*** Provided data ***

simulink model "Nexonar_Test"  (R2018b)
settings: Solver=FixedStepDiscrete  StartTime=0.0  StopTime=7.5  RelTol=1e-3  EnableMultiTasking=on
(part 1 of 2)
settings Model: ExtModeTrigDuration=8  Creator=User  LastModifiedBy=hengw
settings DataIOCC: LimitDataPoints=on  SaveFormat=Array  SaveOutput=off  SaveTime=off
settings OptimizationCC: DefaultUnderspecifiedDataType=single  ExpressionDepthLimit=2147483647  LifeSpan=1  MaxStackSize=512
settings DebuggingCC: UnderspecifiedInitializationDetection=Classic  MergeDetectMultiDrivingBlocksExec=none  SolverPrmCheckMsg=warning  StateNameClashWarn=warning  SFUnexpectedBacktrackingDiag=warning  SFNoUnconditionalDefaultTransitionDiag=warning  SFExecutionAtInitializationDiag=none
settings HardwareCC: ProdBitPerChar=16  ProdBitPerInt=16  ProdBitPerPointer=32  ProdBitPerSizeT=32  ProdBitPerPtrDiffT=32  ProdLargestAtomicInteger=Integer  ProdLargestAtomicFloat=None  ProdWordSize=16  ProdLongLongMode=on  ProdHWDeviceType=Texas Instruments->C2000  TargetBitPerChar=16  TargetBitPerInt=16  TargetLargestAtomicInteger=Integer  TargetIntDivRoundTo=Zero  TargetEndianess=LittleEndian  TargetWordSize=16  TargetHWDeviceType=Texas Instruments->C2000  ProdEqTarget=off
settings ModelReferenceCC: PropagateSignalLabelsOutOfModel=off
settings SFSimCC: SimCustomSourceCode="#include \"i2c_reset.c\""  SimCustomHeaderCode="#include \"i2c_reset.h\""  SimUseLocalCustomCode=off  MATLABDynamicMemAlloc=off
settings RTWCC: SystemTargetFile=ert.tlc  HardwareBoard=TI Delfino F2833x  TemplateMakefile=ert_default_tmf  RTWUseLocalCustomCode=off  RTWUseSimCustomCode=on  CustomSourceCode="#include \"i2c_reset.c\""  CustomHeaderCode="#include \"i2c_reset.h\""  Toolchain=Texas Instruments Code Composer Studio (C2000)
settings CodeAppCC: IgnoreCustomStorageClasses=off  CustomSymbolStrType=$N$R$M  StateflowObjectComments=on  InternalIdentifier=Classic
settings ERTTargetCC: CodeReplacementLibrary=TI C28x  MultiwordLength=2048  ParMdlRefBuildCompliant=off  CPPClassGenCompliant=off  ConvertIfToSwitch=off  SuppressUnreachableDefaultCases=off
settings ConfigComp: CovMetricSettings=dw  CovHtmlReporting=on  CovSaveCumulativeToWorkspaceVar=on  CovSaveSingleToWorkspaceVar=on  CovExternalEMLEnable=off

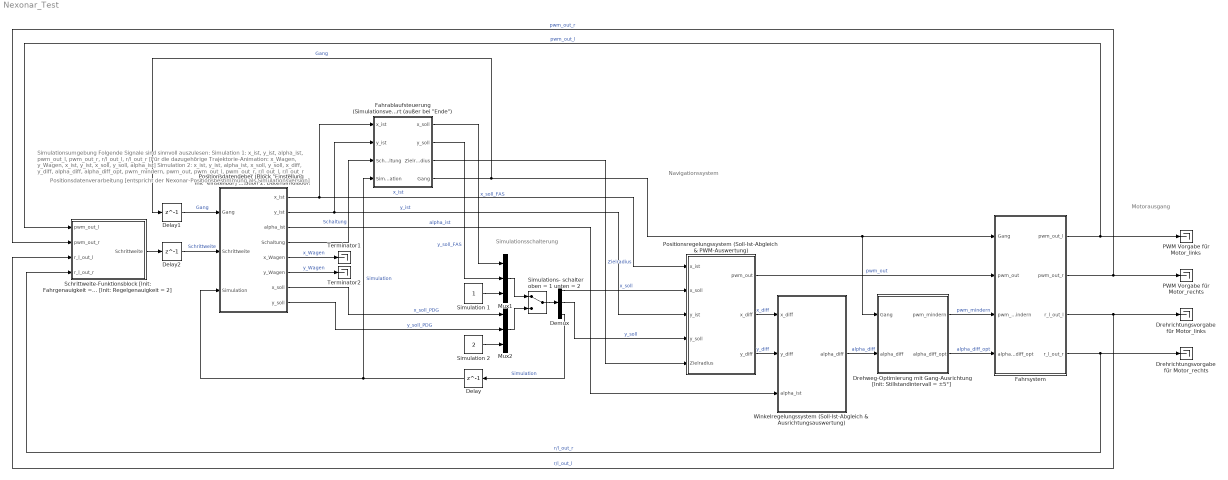
== system Nexonar_Test ==
  note: Simulationsschalterung
  note: Simulationsumgebung
      |
      |
      |
      |
      |
      |
      |
      |
      |
      |
      |
      |
      |
      |
      |
      |
      |
      |
      |
      |
      |
      |
      |
      |
      |
      |
      |
      |
      | Folgende Signale sind sinnvoll auszulesen:
      | Simulation 1: x_ist, y_ist, alpha_ist, pwm_out_l, pwm_out_r, r/l_out_l, r/l_out_r
      | [Für die dazugehörige Trajektorie-Animation: x_Wagen, y_Wagen, x_ist, y_ist, x_soll, y_soll, alpha_ist]
      | Simulation 2: x_ist, y_ist, alpha_ist, x_soll, y_soll, x_diff, y_diff, alpha_diff, alpha_diff_opt, pwm_mindern, pwm_out, pwm_out_l, pwm_out_r, r/l_out_l, r/l_out_r
  note: Navigationssystem
  note: Motorausgang
  note: Positionsdatenverarbeitung
      |
      |
      |
      |
      |
      |
      |
      |
      |
      |
      |
      |
      |
      |
      |
      |
      |
      |
      | [entspricht der Nexonar-Positionsbestimmung
      | als Simulationsversion]
  Delay : Delay  DelayLength=1  InitialCondition=0
  Delay1 : Delay  DelayLength=1  InitialCondition=0
  Delay2 : Delay  DelayLength=1  InitialCondition=0
  Demux : Demux  Outputs=3
  Drehrichtungsvorgabe für Motor_links : Terminator
  Drehrichtungsvorgabe für Motor_rechts : Terminator
  Drehweg-Optimierung mit Gang-Ausrichtung [Init: Stillstandintervall = ±5°] : Stateflow chart  TreatAsAtomicUnit=on
  "Fahrablaufsteuerung (Simulationsversion) [Init: Zielradius = 5mm] Gang = 0: vorwaerts Gang = 1: rueckwaerts Folgende Werte fuer den Ablauf sind einstellbar: - Zielkoordinatenwerte - Gangwert (außer bei \"Ende\")" : Stateflow chart  TreatAsAtomicUnit=on
  Fahrsystem : Stateflow chart  TreatAsAtomicUnit=on
  Mux1 : Mux  Inputs=3
  Mux2 : Mux  Inputs=3
  PWM Vorgabe für Motor_links : Terminator
  PWM Vorgabe für Motor_rechts : Terminator
  "Positionsdatengeber [Block \"Einstellung_Init\" einstellbar] Simulation 1: Fahrsimulation Simulation 2: Datensimulation" : Stateflow chart  TreatAsAtomicUnit=on
  Positionsregelungssystem (Soll-Ist-Abgleich & PWM-Auswertung) : Subsystem
  Schrittweite-Funktionsblock [Init: Fahrgenauigkeit = 10] [Init: Drehgenauigkeit = 30] [Init: Regelgenauigkeit = 2] : MATLAB Function  TreatAsAtomicUnit=on
  Simulation 1 : Constant
  Simulation 2 : Constant  Value=2
  Simulations- schalter oben = 1 unten = 2 : ManualSwitch
  Terminator1 : Terminator
  Terminator2 : Terminator
  Winkelregelungssystem (Soll-Ist-Abgleich & Ausrichtungsauswertung) : Subsystem
  wires:
  "Positionsdatengeber [Block \"Einstellung_Init\" einstellbar] Simulation 1: Fahrsimulation Simulation 2: Datensimulation"/2(y_ist) -> "Fahrablaufsteuerung (Simulationsversion) [Init: Zielradius = 5mm] Gang = 0: vorwaerts Gang = 1: rueckwaerts Folgende Werte fuer den Ablauf sind einstellbar: - Zielkoordinatenwerte - Gangwert (außer bei \"Ende\")"/2(y_ist), Positionsregelungssystem (Soll-Ist-Abgleich & PWM-Auswertung)/3(y_ist)  "y_ist"
  "Fahrablaufsteuerung (Simulationsversion) [Init: Zielradius = 5mm] Gang = 0: vorwaerts Gang = 1: rueckwaerts Folgende Werte fuer den Ablauf sind einstellbar: - Zielkoordinatenwerte - Gangwert (außer bei \"Ende\")"/4(Gang) -> Drehweg-Optimierung mit Gang-Ausrichtung [Init: Stillstandintervall = ±5°]/1(Gang), Fahrsystem/1(Gang), Delay1/1  "Gang"
  Fahrsystem/4(r_l_out_r) -> Schrittweite-Funktionsblock [Init: Fahrgenauigkeit = 10] [Init: Drehgenauigkeit = 30] [Init: Regelgenauigkeit = 2]/4(r_l_out_r), Drehrichtungsvorgabe für Motor_rechts/1  "r/l_out_r"
  Fahrsystem/3(r_l_out_l) -> Drehrichtungsvorgabe für Motor_links/1, Schrittweite-Funktionsblock [Init: Fahrgenauigkeit = 10] [Init: Drehgenauigkeit = 30] [Init: Regelgenauigkeit = 2]/3(r_l_out_l)  "r/l_out_l"
  "Positionsdatengeber [Block \"Einstellung_Init\" einstellbar] Simulation 1: Fahrsimulation Simulation 2: Datensimulation"/1(x_ist) -> "Fahrablaufsteuerung (Simulationsversion) [Init: Zielradius = 5mm] Gang = 0: vorwaerts Gang = 1: rueckwaerts Folgende Werte fuer den Ablauf sind einstellbar: - Zielkoordinatenwerte - Gangwert (außer bei \"Ende\")"/1(x_ist), Positionsregelungssystem (Soll-Ist-Abgleich & PWM-Auswertung)/1(x_ist)  "x_ist"
  Demux/1 -> Positionsregelungssystem (Soll-Ist-Abgleich & PWM-Auswertung)/2(x_soll)  "x_soll"
  Demux/2 -> Positionsregelungssystem (Soll-Ist-Abgleich & PWM-Auswertung)/4(y_soll)  "y_soll"
  Schrittweite-Funktionsblock [Init: Fahrgenauigkeit = 10] [Init: Drehgenauigkeit = 30] [Init: Regelgenauigkeit = 2]/1(Schrittweite) -> Delay2/1
  Fahrsystem/1(pwm_out_l) -> PWM Vorgabe für Motor_links/1, Schrittweite-Funktionsblock [Init: Fahrgenauigkeit = 10] [Init: Drehgenauigkeit = 30] [Init: Regelgenauigkeit = 2]/1(pwm_out_l)  "pwm_out_l"
  Fahrsystem/2(pwm_out_r) -> PWM Vorgabe für Motor_rechts/1, Schrittweite-Funktionsblock [Init: Fahrgenauigkeit = 10] [Init: Drehgenauigkeit = 30] [Init: Regelgenauigkeit = 2]/2(pwm_out_r)  "pwm_out_r"
  Delay1/1 -> "Positionsdatengeber [Block \"Einstellung_Init\" einstellbar] Simulation 1: Fahrsimulation Simulation 2: Datensimulation"/1(Gang)  "Gang"
  Positionsregelungssystem (Soll-Ist-Abgleich & PWM-Auswertung)/1(pwm_out) -> Fahrsystem/2(pwm_out)  "pwm_out"
  Positionsregelungssystem (Soll-Ist-Abgleich & PWM-Auswertung)/3(y_diff) -> Winkelregelungssystem (Soll-Ist-Abgleich & Ausrichtungsauswertung)/2(y_diff)  "y_diff"
  Winkelregelungssystem (Soll-Ist-Abgleich & Ausrichtungsauswertung)/1(alpha_diff) -> Drehweg-Optimierung mit Gang-Ausrichtung [Init: Stillstandintervall = ±5°]/2(alpha_diff)  "alpha_diff"
  Drehweg-Optimierung mit Gang-Ausrichtung [Init: Stillstandintervall = ±5°]/2(alpha_diff_opt) -> Fahrsystem/4(alpha_diff_opt)  "alpha_diff_opt"
  Positionsregelungssystem (Soll-Ist-Abgleich & PWM-Auswertung)/2(x_diff) -> Winkelregelungssystem (Soll-Ist-Abgleich & Ausrichtungsauswertung)/1(x_diff)  "x_diff"
  "Positionsdatengeber [Block \"Einstellung_Init\" einstellbar] Simulation 1: Fahrsimulation Simulation 2: Datensimulation"/3(alpha_ist) -> Winkelregelungssystem (Soll-Ist-Abgleich & Ausrichtungsauswertung)/3(alpha_ist)  "alpha_ist"
  Simulation 1/1 -> Mux1/3
  Simulation 2/1 -> Mux2/3
  Demux/3 -> Delay/1  "Simulation"
  "Positionsdatengeber [Block \"Einstellung_Init\" einstellbar] Simulation 1: Fahrsimulation Simulation 2: Datensimulation"/8(y_soll) -> Mux2/2  "y_soll_PDG"
  "Positionsdatengeber [Block \"Einstellung_Init\" einstellbar] Simulation 1: Fahrsimulation Simulation 2: Datensimulation"/7(x_soll) -> Mux2/1  "x_soll_PDG"
  "Fahrablaufsteuerung (Simulationsversion) [Init: Zielradius = 5mm] Gang = 0: vorwaerts Gang = 1: rueckwaerts Folgende Werte fuer den Ablauf sind einstellbar: - Zielkoordinatenwerte - Gangwert (außer bei \"Ende\")"/2(y_soll) -> Mux1/2  "y_soll_FAS"
  "Fahrablaufsteuerung (Simulationsversion) [Init: Zielradius = 5mm] Gang = 0: vorwaerts Gang = 1: rueckwaerts Folgende Werte fuer den Ablauf sind einstellbar: - Zielkoordinatenwerte - Gangwert (außer bei \"Ende\")"/1(x_soll) -> Mux1/1  "x_soll_FAS"
  Delay2/1 -> "Positionsdatengeber [Block \"Einstellung_Init\" einstellbar] Simulation 1: Fahrsimulation Simulation 2: Datensimulation"/2(Schrittweite)  "Schrittweite"
  "Positionsdatengeber [Block \"Einstellung_Init\" einstellbar] Simulation 1: Fahrsimulation Simulation 2: Datensimulation"/4(Schaltung) -> "Fahrablaufsteuerung (Simulationsversion) [Init: Zielradius = 5mm] Gang = 0: vorwaerts Gang = 1: rueckwaerts Folgende Werte fuer den Ablauf sind einstellbar: - Zielkoordinatenwerte - Gangwert (außer bei \"Ende\")"/3(Schaltung)  "Schaltung"
  "Fahrablaufsteuerung (Simulationsversion) [Init: Zielradius = 5mm] Gang = 0: vorwaerts Gang = 1: rueckwaerts Folgende Werte fuer den Ablauf sind einstellbar: - Zielkoordinatenwerte - Gangwert (außer bei \"Ende\")"/3(Zielradius) -> Positionsregelungssystem (Soll-Ist-Abgleich & PWM-Auswertung)/5(Zielradius)  "Zielradius"
  Simulations- schalter oben = 1 unten = 2/1 -> Demux/1
  Mux2/1 -> Simulations- schalter oben = 1 unten = 2/2
  Mux1/1 -> Simulations- schalter oben = 1 unten = 2/1
  Delay/1 -> "Positionsdatengeber [Block \"Einstellung_Init\" einstellbar] Simulation 1: Fahrsimulation Simulation 2: Datensimulation"/3(Simulation), "Fahrablaufsteuerung (Simulationsversion) [Init: Zielradius = 5mm] Gang = 0: vorwaerts Gang = 1: rueckwaerts Folgende Werte fuer den Ablauf sind einstellbar: - Zielkoordinatenwerte - Gangwert (außer bei \"Ende\")"/4(Simulation)  "Simulation"
  Drehweg-Optimierung mit Gang-Ausrichtung [Init: Stillstandintervall = ±5°]/1(pwm_mindern) -> Fahrsystem/3(pwm_mindern)  "pwm_mindern"
  "Positionsdatengeber [Block \"Einstellung_Init\" einstellbar] Simulation 1: Fahrsimulation Simulation 2: Datensimulation"/5(x_Wagen) -> Terminator1/1  "x_Wagen"
  "Positionsdatengeber [Block \"Einstellung_Init\" einstellbar] Simulation 1: Fahrsimulation Simulation 2: Datensimulation"/6(y_Wagen) -> Terminator2/1  "y_Wagen"

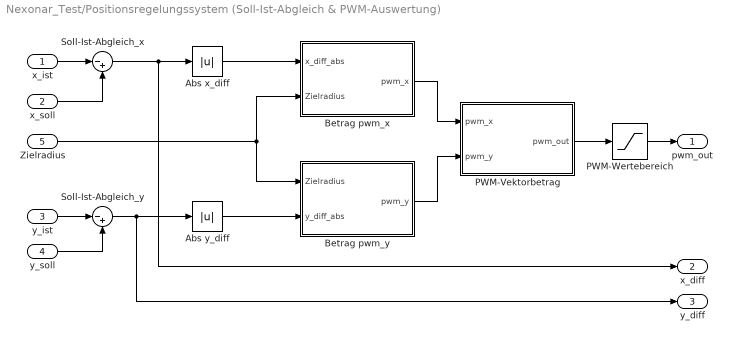
== system Nexonar_Test/Positionsregelungssystem (Soll-Ist-Abgleich & PWM-Auswertung) ==
  x_ist : Inport
  x_soll : Inport  Port=2
  y_ist : Inport  Port=3
  y_soll : Inport  Port=4
  Zielradius : Inport  Port=5
  Abs x_diff : Abs  SampleTime=0.01
  Abs y_diff : Abs  SampleTime=0.01
  Betrag pwm_x : MATLAB Function  TreatAsAtomicUnit=on  SystemSampleTime=0.01
  Betrag pwm_y : MATLAB Function  TreatAsAtomicUnit=on  SystemSampleTime=0.01
  PWM-Vektorbetrag : MATLAB Function  TreatAsAtomicUnit=on
  PWM-Wertebereich : Saturate  UpperLimit=100  LowerLimit=0
  Soll-Ist-Abgleich_x : Sum  Inputs=|-+  SampleTime=0.01
  Soll-Ist-Abgleich_y : Sum  Inputs=|-+  AccumDataTypeStr=double  SampleTime=0.01
  pwm_out : Outport
  x_diff : Outport  Port=2
  y_diff : Outport  Port=3
  wires:
  Soll-Ist-Abgleich_x/1 -> x_diff/1, Abs x_diff/1
  Abs x_diff/1 -> Betrag pwm_x/1(x_diff_abs)
  x_soll/1 -> Soll-Ist-Abgleich_x/2
  x_ist/1 -> Soll-Ist-Abgleich_x/1
  y_ist/1 -> Soll-Ist-Abgleich_y/1
  y_soll/1 -> Soll-Ist-Abgleich_y/2
  Soll-Ist-Abgleich_y/1 -> Abs y_diff/1, y_diff/1
  Abs y_diff/1 -> Betrag pwm_y/2(y_diff_abs)
  PWM-Wertebereich/1 -> pwm_out/1
  PWM-Vektorbetrag/1(pwm_out) -> PWM-Wertebereich/1
  Betrag pwm_x/1(pwm_x) -> PWM-Vektorbetrag/1(pwm_x)
  Betrag pwm_y/1(pwm_y) -> PWM-Vektorbetrag/2(pwm_y)
  Zielradius/1 -> Betrag pwm_y/1(Zielradius), Betrag pwm_x/2(Zielradius)

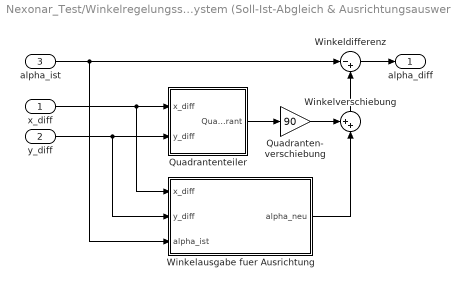
== system Nexonar_Test/Winkelregelungssystem (Soll-Ist-Abgleich & Ausrichtungsauswertung) ==
  x_diff : Inport
  y_diff : Inport  Port=2
  alpha_ist : Inport  Port=3
  Quadranten- verschiebung : Gain  Gain=90
  Quadrantenteiler : Stateflow chart  TreatAsAtomicUnit=on
  Winkelausgabe fuer Ausrichtung : Stateflow chart  TreatAsAtomicUnit=on
  Winkeldifferenz : Sum  Inputs=|-+
  Winkelverschiebung : Sum  Inputs=++|
  alpha_diff : Outport
  wires:
  alpha_ist/1 -> Winkelausgabe fuer Ausrichtung/3(alpha_ist), Winkeldifferenz/1
  y_diff/1 -> Winkelausgabe fuer Ausrichtung/2(y_diff), Quadrantenteiler/2(y_diff)
  Winkelausgabe fuer Ausrichtung/1(alpha_neu) -> Winkelverschiebung/2
  Winkelverschiebung/1 -> Winkeldifferenz/2
  x_diff/1 -> Winkelausgabe fuer Ausrichtung/1(x_diff), Quadrantenteiler/1(x_diff)
  Quadrantenteiler/1(Quadrant) -> Quadranten- verschiebung/1
  Winkeldifferenz/1 -> alpha_diff/1
  Quadranten- verschiebung/1 -> Winkelverschiebung/1

== stateflow chart Nexonar_Test/Fahrablaufsteuerung (Simulationsversion) [Init: Zielradius = 5mm] Gang = 0: vorwaerts Gang = 1: rueckwaerts Folgende Werte fuer den Ablauf sind einstellbar: - Zielkoordinatenwerte - Gangwert (außer bei "Ende") ==
  state Parken3 [commented out]
    entry:
    x_soll = 1700;
    y_soll = -100;
  state Uebergabe3 [commented out]
    state Uebergabepunkt_x_Richtung [commented out]
      entry:
      x_soll = 1325;
      y_soll = y_least;
    state Wechsel_1 [commented out]
      entry:
      Counter = Counter + 1;
    state Uebergabepunkt_y_Richtung [commented out]
      entry:
      x_soll = x_least;
      y_soll = 100;
    state Warten_Uebergabe [commented out]
    state Wechsel_2 [commented out]
      entry:
      Counter = Counter + 1;
    (default) -> Uebergabe3.Uebergabepunkt_x_Richtung [commented out] : {Counter = 0}
    Uebergabe3.Uebergabepunkt_x_Richtung -> Uebergabe3.Wechsel_1 [commented out] : [abs(x_soll - x_ist) <= Zielradius && abs(y_soll - y_ist) <= Zielradius]
        | {x_least = x_soll; y_least = y_soll;}
    Uebergabe3.Wechsel_1 -> Uebergabe3.Uebergabepunkt_y_Richtung [commented out]
    Uebergabe3.Uebergabepunkt_y_Richtung -> Uebergabe3.Warten_Uebergabe [commented out] : [abs(x_soll - x_ist) <= Zielradius && abs(y_soll - y_ist) <= Zielradius]
    Uebergabe3.Warten_Uebergabe -> Uebergabe3.Wechsel_2 [commented out] : [after(1,sec)]
  state Sammeln3 [commented out]
    state Anfahrpunkt_1 [commented out]
      entry:
      x_soll = 1450;
      y_soll = 0;
    state Wechsel_1 [commented out]
      entry:
      Counter = Counter + 1;
    state Anfahrpunkt_2 [commented out]
      entry:
      x_soll = 1200;
      y_soll = 25;
    state Wechsel_2 [commented out]
      entry:
      Counter = Counter + 1;
    state Anfahrpunkt_3 [commented out]
      entry:
      x_soll = 800;
      y_soll = 400;
    state Wechsel_3 [commented out]
      entry:
      Counter = Counter + 1;
    state Anfahrpunkt_4 [commented out]
      entry:
      x_soll = 900;
      y_soll = 650;
    state Wechsel_4 [commented out]
      entry:
      Counter = Counter + 1;
    state Anfahrpunkt_5 [commented out]
      entry:
      x_soll = 750;
      y_soll = 850;
    state Wechsel_5 [commented out]
      entry:
      Counter = Counter + 1;
    state Anfahrpunkt_6 [commented out]
      entry:
      x_soll = 600;
      y_soll = 850;
    state Wechsel_6 [commented out]
      entry:
      Counter = Counter + 1;
    state Anfahrpunkt_7 [commented out]
      entry:
      x_soll = 500;
      y_soll = 850;
    state Wechsel_7 [commented out]
      entry:
      Counter = Counter + 1;
    state Anfahrpunkt_8 [commented out]
      entry:
      x_soll = 200;
      y_soll = 750;
    state Wechsel_8 [commented out]
      entry:
      Counter = Counter + 1;
    state Anfahrpunkt_9 [commented out]
      entry:
      x_soll = 400;
      y_soll = 50;
    state Wechsel_9 [commented out]
      entry:
      Counter = Counter + 1;
    state Anfahrpunkt_10 [commented out]
      entry:
      x_soll = 1200;
      y_soll = 50;
    state Wechsel_10 [commented out]
      entry:
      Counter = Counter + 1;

*** End of Provided data ***

■ Problem details ■
Among the entries above, which lines include "Subsystem"? List them all.

■ Exercise response ■
  Positionsregelungssystem (Soll-Ist-Abgleich & PWM-Auswertung) : Subsystem
  Winkelregelungssystem (Soll-Ist-Abgleich & Ausrichtungsauswertung) : Subsystem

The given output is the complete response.